____ Given data

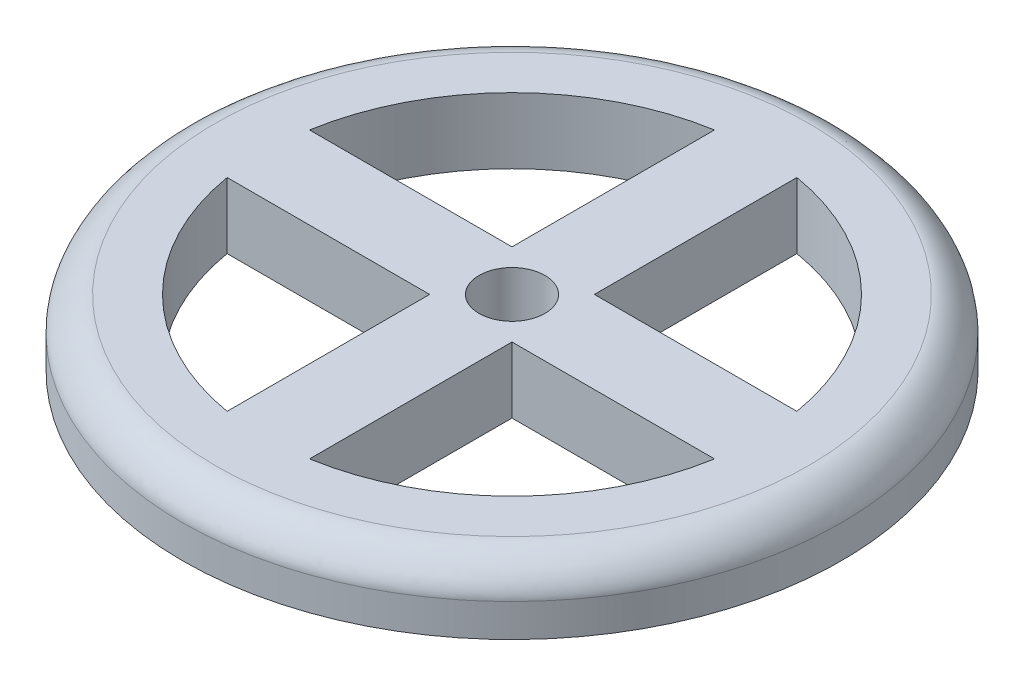
ISO-10303-21;
HEADER;
FILE_DESCRIPTION(('STEP AP214'),'2;1');
FILE_NAME('part.step','',(''),(''),'','','');
FILE_SCHEMA(('AUTOMOTIVE_DESIGN { 1 0 10303 214 1 1 1 1 }'));
ENDSEC;
DATA;
#1=APPLICATION_CONTEXT('core data for automotive mechanical design processes');
#2=APPLICATION_PROTOCOL_DEFINITION('international standard','automotive_design',2000,#1);
#3=PRODUCT_CONTEXT('',#1,'mechanical');
#4=PRODUCT('Part','Part','',(#3));
#5=PRODUCT_RELATED_PRODUCT_CATEGORY('part','',(#4));
#6=PRODUCT_DEFINITION_FORMATION('','',#4);
#7=PRODUCT_DEFINITION_CONTEXT('part definition',#1,'design');
#8=PRODUCT_DEFINITION('design','',#6,#7);
#9=PRODUCT_DEFINITION_SHAPE('','',#8);
#10=(LENGTH_UNIT() NAMED_UNIT(*) SI_UNIT(.MILLI.,.METRE.));
#11=(NAMED_UNIT(*) PLANE_ANGLE_UNIT() SI_UNIT($,.RADIAN.));
#12=(NAMED_UNIT(*) SI_UNIT($,.STERADIAN.) SOLID_ANGLE_UNIT());
#13=UNCERTAINTY_MEASURE_WITH_UNIT(LENGTH_MEASURE(1.E-05),#10,'distance_accuracy_value','');
#14=(GEOMETRIC_REPRESENTATION_CONTEXT(3) GLOBAL_UNCERTAINTY_ASSIGNED_CONTEXT((#13)) GLOBAL_UNIT_ASSIGNED_CONTEXT((#10,
#11,#12)) REPRESENTATION_CONTEXT('',''));
#15=CARTESIAN_POINT('',(0.,0.,0.));
#16=DIRECTION('',(0.,0.,1.));
#17=DIRECTION('',(1.,0.,0.));
#18=AXIS2_PLACEMENT_3D('',#15,#16,#17);
#19=CARTESIAN_POINT('',(-2.5,4.,0.));
#20=DIRECTION('',(1.,0.,0.));
#21=DIRECTION('',(0.,0.,-1.));
#22=AXIS2_PLACEMENT_3D('',#19,#20,#21);
#23=PLANE('',#22);
#24=DIRECTION('',(0.,0.,1.));
#25=VECTOR('',#24,1.);
#26=CARTESIAN_POINT('',(-2.5,0.,0.));
#27=LINE('',#26,#25);
#28=CARTESIAN_POINT('',(-2.5,0.,-14.790199457749));
#29=VERTEX_POINT('',#28);
#30=CARTESIAN_POINT('',(-2.5,0.,-2.5));
#31=VERTEX_POINT('',#30);
#32=EDGE_CURVE('E160',#29,#31,#27,.T.);
#33=ORIENTED_EDGE('',*,*,#32,.T.);
#34=DIRECTION('',(0.,-1.,0.));
#35=VECTOR('',#34,1.);
#36=CARTESIAN_POINT('',(-2.5,4.,-2.5));
#37=LINE('',#36,#35);
#38=CARTESIAN_POINT('',(-2.5,4.,-2.5));
#39=VERTEX_POINT('',#38);
#40=EDGE_CURVE('E159',#39,#31,#37,.T.);
#41=ORIENTED_EDGE('',*,*,#40,.F.);
#42=DIRECTION('',(0.,0.,1.));
#43=VECTOR('',#42,1.);
#44=CARTESIAN_POINT('',(-2.5,4.,0.));
#45=LINE('',#44,#43);
#46=CARTESIAN_POINT('',(-2.5,4.,-14.790199457749));
#47=VERTEX_POINT('',#46);
#48=EDGE_CURVE('E149',#47,#39,#45,.T.);
#49=ORIENTED_EDGE('',*,*,#48,.F.);
#50=DIRECTION('',(0.,-1.,0.));
#51=VECTOR('',#50,1.);
#52=CARTESIAN_POINT('',(-2.5,4.,-14.790199457749));
#53=LINE('',#52,#51);
#54=EDGE_CURVE('E70',#47,#29,#53,.T.);
#55=ORIENTED_EDGE('',*,*,#54,.T.);
#56=EDGE_LOOP('',(#33,#41,#49,#55));
#57=FACE_BOUND('',#56,.T.);
#58=ADVANCED_FACE('F46',(#57),#23,.F.);
#59=CARTESIAN_POINT('',(0.,4.,-2.5));
#60=DIRECTION('',(0.,0.,-1.));
#61=DIRECTION('',(-1.,0.,0.));
#62=AXIS2_PLACEMENT_3D('',#59,#60,#61);
#63=PLANE('',#62);
#64=DIRECTION('',(1.,0.,0.));
#65=VECTOR('',#64,1.);
#66=CARTESIAN_POINT('',(0.,0.,-2.5));
#67=LINE('',#66,#65);
#68=CARTESIAN_POINT('',(-14.790199457749,0.,-2.5));
#69=VERTEX_POINT('',#68);
#70=EDGE_CURVE('E211',#69,#31,#67,.T.);
#71=ORIENTED_EDGE('',*,*,#70,.F.);
#72=DIRECTION('',(0.,-1.,0.));
#73=VECTOR('',#72,1.);
#74=CARTESIAN_POINT('',(-14.790199457749,4.,-2.5));
#75=LINE('',#74,#73);
#76=CARTESIAN_POINT('',(-14.790199457749,4.,-2.5));
#77=VERTEX_POINT('',#76);
#78=EDGE_CURVE('E108',#77,#69,#75,.T.);
#79=ORIENTED_EDGE('',*,*,#78,.F.);
#80=DIRECTION('',(1.,0.,0.));
#81=VECTOR('',#80,1.);
#82=CARTESIAN_POINT('',(0.,4.,-2.5));
#83=LINE('',#82,#81);
#84=EDGE_CURVE('E154',#77,#39,#83,.T.);
#85=ORIENTED_EDGE('',*,*,#84,.T.);
#86=ORIENTED_EDGE('',*,*,#40,.T.);
#87=EDGE_LOOP('',(#71,#79,#85,#86));
#88=FACE_BOUND('',#87,.T.);
#89=ADVANCED_FACE('F165',(#88),#63,.T.);
#90=CARTESIAN_POINT('',(2.5,4.,0.));
#91=DIRECTION('',(1.,0.,0.));
#92=DIRECTION('',(0.,0.,-1.));
#93=AXIS2_PLACEMENT_3D('',#90,#91,#92);
#94=PLANE('',#93);
#95=DIRECTION('',(0.,0.,1.));
#96=VECTOR('',#95,1.);
#97=CARTESIAN_POINT('',(2.5,0.,0.));
#98=LINE('',#97,#96);
#99=CARTESIAN_POINT('',(2.5,0.,2.5));
#100=VERTEX_POINT('',#99);
#101=CARTESIAN_POINT('',(2.5,0.,14.790199457749));
#102=VERTEX_POINT('',#101);
#103=EDGE_CURVE('E200',#100,#102,#98,.T.);
#104=ORIENTED_EDGE('',*,*,#103,.F.);
#105=DIRECTION('',(0.,-1.,0.));
#106=VECTOR('',#105,1.);
#107=CARTESIAN_POINT('',(2.5,4.,2.5));
#108=LINE('',#107,#106);
#109=CARTESIAN_POINT('',(2.5,4.,2.5));
#110=VERTEX_POINT('',#109);
#111=EDGE_CURVE('E225',#110,#100,#108,.T.);
#112=ORIENTED_EDGE('',*,*,#111,.F.);
#113=DIRECTION('',(0.,0.,1.));
#114=VECTOR('',#113,1.);
#115=CARTESIAN_POINT('',(2.5,4.,0.));
#116=LINE('',#115,#114);
#117=CARTESIAN_POINT('',(2.5,4.,14.790199457749));
#118=VERTEX_POINT('',#117);
#119=EDGE_CURVE('E363',#110,#118,#116,.T.);
#120=ORIENTED_EDGE('',*,*,#119,.T.);
#121=DIRECTION('',(0.,-1.,0.));
#122=VECTOR('',#121,1.);
#123=CARTESIAN_POINT('',(2.5,4.,14.790199457749));
#124=LINE('',#123,#122);
#125=EDGE_CURVE('E228',#118,#102,#124,.T.);
#126=ORIENTED_EDGE('',*,*,#125,.T.);
#127=EDGE_LOOP('',(#104,#112,#120,#126));
#128=FACE_BOUND('',#127,.T.);
#129=ADVANCED_FACE('F320',(#128),#94,.T.);
#130=CARTESIAN_POINT('',(0.,4.,2.5));
#131=DIRECTION('',(0.,0.,-1.));
#132=DIRECTION('',(-1.,0.,0.));
#133=AXIS2_PLACEMENT_3D('',#130,#131,#132);
#134=PLANE('',#133);
#135=DIRECTION('',(1.,0.,0.));
#136=VECTOR('',#135,1.);
#137=CARTESIAN_POINT('',(0.,0.,2.5));
#138=LINE('',#137,#136);
#139=CARTESIAN_POINT('',(14.790199457749,0.,2.5));
#140=VERTEX_POINT('',#139);
#141=EDGE_CURVE('E204',#100,#140,#138,.T.);
#142=ORIENTED_EDGE('',*,*,#141,.T.);
#143=DIRECTION('',(0.,-1.,0.));
#144=VECTOR('',#143,1.);
#145=CARTESIAN_POINT('',(14.790199457749,4.,2.5));
#146=LINE('',#145,#144);
#147=CARTESIAN_POINT('',(14.790199457749,4.,2.5));
#148=VERTEX_POINT('',#147);
#149=EDGE_CURVE('E231',#148,#140,#146,.T.);
#150=ORIENTED_EDGE('',*,*,#149,.F.);
#151=DIRECTION('',(1.,0.,0.));
#152=VECTOR('',#151,1.);
#153=CARTESIAN_POINT('',(0.,4.,2.5));
#154=LINE('',#153,#152);
#155=EDGE_CURVE('E369',#110,#148,#154,.T.);
#156=ORIENTED_EDGE('',*,*,#155,.F.);
#157=ORIENTED_EDGE('',*,*,#111,.T.);
#158=EDGE_LOOP('',(#142,#150,#156,#157));
#159=FACE_BOUND('',#158,.T.);
#160=ADVANCED_FACE('F322',(#159),#134,.F.);
#161=CARTESIAN_POINT('',(0.,4.,-2.5));
#162=DIRECTION('',(0.,0.,-1.));
#163=DIRECTION('',(-1.,0.,0.));
#164=AXIS2_PLACEMENT_3D('',#161,#162,#163);
#165=PLANE('',#164);
#166=DIRECTION('',(1.,0.,0.));
#167=VECTOR('',#166,1.);
#168=CARTESIAN_POINT('',(0.,0.,-2.5));
#169=LINE('',#168,#167);
#170=CARTESIAN_POINT('',(2.5,0.,-2.5));
#171=VERTEX_POINT('',#170);
#172=CARTESIAN_POINT('',(14.790199457749,0.,-2.5));
#173=VERTEX_POINT('',#172);
#174=EDGE_CURVE('E190',#171,#173,#169,.T.);
#175=ORIENTED_EDGE('',*,*,#174,.F.);
#176=DIRECTION('',(0.,-1.,0.));
#177=VECTOR('',#176,1.);
#178=CARTESIAN_POINT('',(2.5,4.,-2.5));
#179=LINE('',#178,#177);
#180=CARTESIAN_POINT('',(2.5,4.,-2.5));
#181=VERTEX_POINT('',#180);
#182=EDGE_CURVE('E232',#181,#171,#179,.T.);
#183=ORIENTED_EDGE('',*,*,#182,.F.);
#184=DIRECTION('',(1.,0.,0.));
#185=VECTOR('',#184,1.);
#186=CARTESIAN_POINT('',(0.,4.,-2.5));
#187=LINE('',#186,#185);
#188=CARTESIAN_POINT('',(14.790199457749,4.,-2.5));
#189=VERTEX_POINT('',#188);
#190=EDGE_CURVE('E353',#181,#189,#187,.T.);
#191=ORIENTED_EDGE('',*,*,#190,.T.);
#192=DIRECTION('',(0.,-1.,0.));
#193=VECTOR('',#192,1.);
#194=CARTESIAN_POINT('',(14.790199457749,4.,-2.5));
#195=LINE('',#194,#193);
#196=EDGE_CURVE('E237',#189,#173,#195,.T.);
#197=ORIENTED_EDGE('',*,*,#196,.T.);
#198=EDGE_LOOP('',(#175,#183,#191,#197));
#199=FACE_BOUND('',#198,.T.);
#200=ADVANCED_FACE('F325',(#199),#165,.T.);
#201=CARTESIAN_POINT('',(2.5,4.,0.));
#202=DIRECTION('',(1.,0.,0.));
#203=DIRECTION('',(0.,0.,-1.));
#204=AXIS2_PLACEMENT_3D('',#201,#202,#203);
#205=PLANE('',#204);
#206=DIRECTION('',(0.,0.,1.));
#207=VECTOR('',#206,1.);
#208=CARTESIAN_POINT('',(2.5,0.,0.));
#209=LINE('',#208,#207);
#210=CARTESIAN_POINT('',(2.5,0.,-14.790199457749));
#211=VERTEX_POINT('',#210);
#212=EDGE_CURVE('E196',#211,#171,#209,.T.);
#213=ORIENTED_EDGE('',*,*,#212,.F.);
#214=DIRECTION('',(0.,-1.,0.));
#215=VECTOR('',#214,1.);
#216=CARTESIAN_POINT('',(2.5,4.,-14.790199457749));
#217=LINE('',#216,#215);
#218=CARTESIAN_POINT('',(2.5,4.,-14.790199457749));
#219=VERTEX_POINT('',#218);
#220=EDGE_CURVE('E240',#219,#211,#217,.T.);
#221=ORIENTED_EDGE('',*,*,#220,.F.);
#222=DIRECTION('',(0.,0.,1.));
#223=VECTOR('',#222,1.);
#224=CARTESIAN_POINT('',(2.5,4.,0.));
#225=LINE('',#224,#223);
#226=EDGE_CURVE('E358',#219,#181,#225,.T.);
#227=ORIENTED_EDGE('',*,*,#226,.T.);
#228=ORIENTED_EDGE('',*,*,#182,.T.);
#229=EDGE_LOOP('',(#213,#221,#227,#228));
#230=FACE_BOUND('',#229,.T.);
#231=ADVANCED_FACE('F330',(#230),#205,.T.);
#232=CARTESIAN_POINT('',(0.,4.,2.5));
#233=DIRECTION('',(0.,0.,-1.));
#234=DIRECTION('',(-1.,0.,0.));
#235=AXIS2_PLACEMENT_3D('',#232,#233,#234);
#236=PLANE('',#235);
#237=DIRECTION('',(1.,0.,0.));
#238=VECTOR('',#237,1.);
#239=CARTESIAN_POINT('',(0.,0.,2.5));
#240=LINE('',#239,#238);
#241=CARTESIAN_POINT('',(-14.790199457749,0.,2.5));
#242=VERTEX_POINT('',#241);
#243=CARTESIAN_POINT('',(-2.5,0.,2.5));
#244=VERTEX_POINT('',#243);
#245=EDGE_CURVE('E178',#242,#244,#240,.T.);
#246=ORIENTED_EDGE('',*,*,#245,.T.);
#247=DIRECTION('',(0.,-1.,0.));
#248=VECTOR('',#247,1.);
#249=CARTESIAN_POINT('',(-2.5,4.,2.5));
#250=LINE('',#249,#248);
#251=CARTESIAN_POINT('',(-2.5,4.,2.5));
#252=VERTEX_POINT('',#251);
#253=EDGE_CURVE('E241',#252,#244,#250,.T.);
#254=ORIENTED_EDGE('',*,*,#253,.F.);
#255=DIRECTION('',(1.,0.,0.));
#256=VECTOR('',#255,1.);
#257=CARTESIAN_POINT('',(0.,4.,2.5));
#258=LINE('',#257,#256);
#259=CARTESIAN_POINT('',(-14.790199457749,4.,2.5));
#260=VERTEX_POINT('',#259);
#261=EDGE_CURVE('E222',#260,#252,#258,.T.);
#262=ORIENTED_EDGE('',*,*,#261,.F.);
#263=DIRECTION('',(0.,-1.,0.));
#264=VECTOR('',#263,1.);
#265=CARTESIAN_POINT('',(-14.790199457749,4.,2.5));
#266=LINE('',#265,#264);
#267=EDGE_CURVE('E177',#260,#242,#266,.T.);
#268=ORIENTED_EDGE('',*,*,#267,.T.);
#269=EDGE_LOOP('',(#246,#254,#262,#268));
#270=FACE_BOUND('',#269,.T.);
#271=ADVANCED_FACE('F333',(#270),#236,.F.);
#272=CARTESIAN_POINT('',(-2.5,4.,0.));
#273=DIRECTION('',(1.,0.,0.));
#274=DIRECTION('',(0.,0.,-1.));
#275=AXIS2_PLACEMENT_3D('',#272,#273,#274);
#276=PLANE('',#275);
#277=DIRECTION('',(0.,0.,1.));
#278=VECTOR('',#277,1.);
#279=CARTESIAN_POINT('',(-2.5,0.,0.));
#280=LINE('',#279,#278);
#281=CARTESIAN_POINT('',(-2.5,0.,14.790199457749));
#282=VERTEX_POINT('',#281);
#283=EDGE_CURVE('E182',#244,#282,#280,.T.);
#284=ORIENTED_EDGE('',*,*,#283,.T.);
#285=DIRECTION('',(0.,-1.,0.));
#286=VECTOR('',#285,1.);
#287=CARTESIAN_POINT('',(-2.5,4.,14.790199457749));
#288=LINE('',#287,#286);
#289=CARTESIAN_POINT('',(-2.5,4.,14.790199457749));
#290=VERTEX_POINT('',#289);
#291=EDGE_CURVE('E248',#290,#282,#288,.T.);
#292=ORIENTED_EDGE('',*,*,#291,.F.);
#293=DIRECTION('',(0.,0.,1.));
#294=VECTOR('',#293,1.);
#295=CARTESIAN_POINT('',(-2.5,4.,0.));
#296=LINE('',#295,#294);
#297=EDGE_CURVE('E121',#252,#290,#296,.T.);
#298=ORIENTED_EDGE('',*,*,#297,.F.);
#299=ORIENTED_EDGE('',*,*,#253,.T.);
#300=EDGE_LOOP('',(#284,#292,#298,#299));
#301=FACE_BOUND('',#300,.T.);
#302=ADVANCED_FACE('F284',(#301),#276,.F.);
#303=CARTESIAN_POINT('',(0.,4.,0.));
#304=DIRECTION('',(0.,-1.,0.));
#305=DIRECTION('',(0.,0.,-1.));
#306=AXIS2_PLACEMENT_3D('',#303,#304,#305);
#307=CYLINDRICAL_SURFACE('',#306,20.);
#308=CARTESIAN_POINT('',(0.,2.,20.));
#309=CARTESIAN_POINT('',(1.30899693832957,2.,20.));
#310=CARTESIAN_POINT('',(2.61796151112264,2.,19.8710782422801));
#311=CARTESIAN_POINT('',(5.1856513695225,2.,19.3603329738491));
#312=CARTESIAN_POINT('',(6.44431316786531,2.,18.9785220915386));
#313=CARTESIAN_POINT('',(8.86302412673829,2.,17.9766592089129));
#314=CARTESIAN_POINT('',(10.0230134835804,2.,17.3566319800963));
#315=CARTESIAN_POINT('',(12.1997958372037,2.,15.9021525120055));
#316=CARTESIAN_POINT('',(13.2165350120906,2.,15.0677362353713));
#317=CARTESIAN_POINT('',(15.0677362353713,2.,13.2165350120906));
#318=CARTESIAN_POINT('',(15.9021525120058,2.,12.1997958372032));
#319=CARTESIAN_POINT('',(17.356631980096,2.,10.0230134835808));
#320=CARTESIAN_POINT('',(17.9766592089129,2.,8.86302412673833));
#321=CARTESIAN_POINT('',(18.9785220915386,2.,6.44431316786525));
#322=CARTESIAN_POINT('',(19.3603329738492,2.,5.18565136952208));
#323=CARTESIAN_POINT('',(19.87107824228,2.,2.61796151112308));
#324=CARTESIAN_POINT('',(20.,2.,1.3089969383224));
#325=CARTESIAN_POINT('',(20.,2.,-1.30899693832239));
#326=CARTESIAN_POINT('',(19.87107824228,2.,-2.6179615111233));
#327=CARTESIAN_POINT('',(19.3603329738492,2.,-5.1856513695218));
#328=CARTESIAN_POINT('',(18.9785220915382,2.,-6.44431316786614));
#329=CARTESIAN_POINT('',(17.9766592089133,2.,-8.86302412673747));
#330=CARTESIAN_POINT('',(17.3566319800964,2.,-10.0230134835803));
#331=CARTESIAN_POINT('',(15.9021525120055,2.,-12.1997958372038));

________

Required work: Both the line containing "#60=DIRECTION('',(0.,0.,-1.));" and the line containing "#75=LINE('',#74,#73);" belong in the answer. Print them and every line above that falls between them exactly, and no others.

Finished exercise:
#60=DIRECTION('',(0.,0.,-1.));
#61=DIRECTION('',(-1.,0.,0.));
#62=AXIS2_PLACEMENT_3D('',#59,#60,#61);
#63=PLANE('',#62);
#64=DIRECTION('',(1.,0.,0.));
#65=VECTOR('',#64,1.);
#66=CARTESIAN_POINT('',(0.,0.,-2.5));
#67=LINE('',#66,#65);
#68=CARTESIAN_POINT('',(-14.790199457749,0.,-2.5));
#69=VERTEX_POINT('',#68);
#70=EDGE_CURVE('E211',#69,#31,#67,.T.);
#71=ORIENTED_EDGE('',*,*,#70,.F.);
#72=DIRECTION('',(0.,-1.,0.));
#73=VECTOR('',#72,1.);
#74=CARTESIAN_POINT('',(-14.790199457749,4.,-2.5));
#75=LINE('',#74,#73);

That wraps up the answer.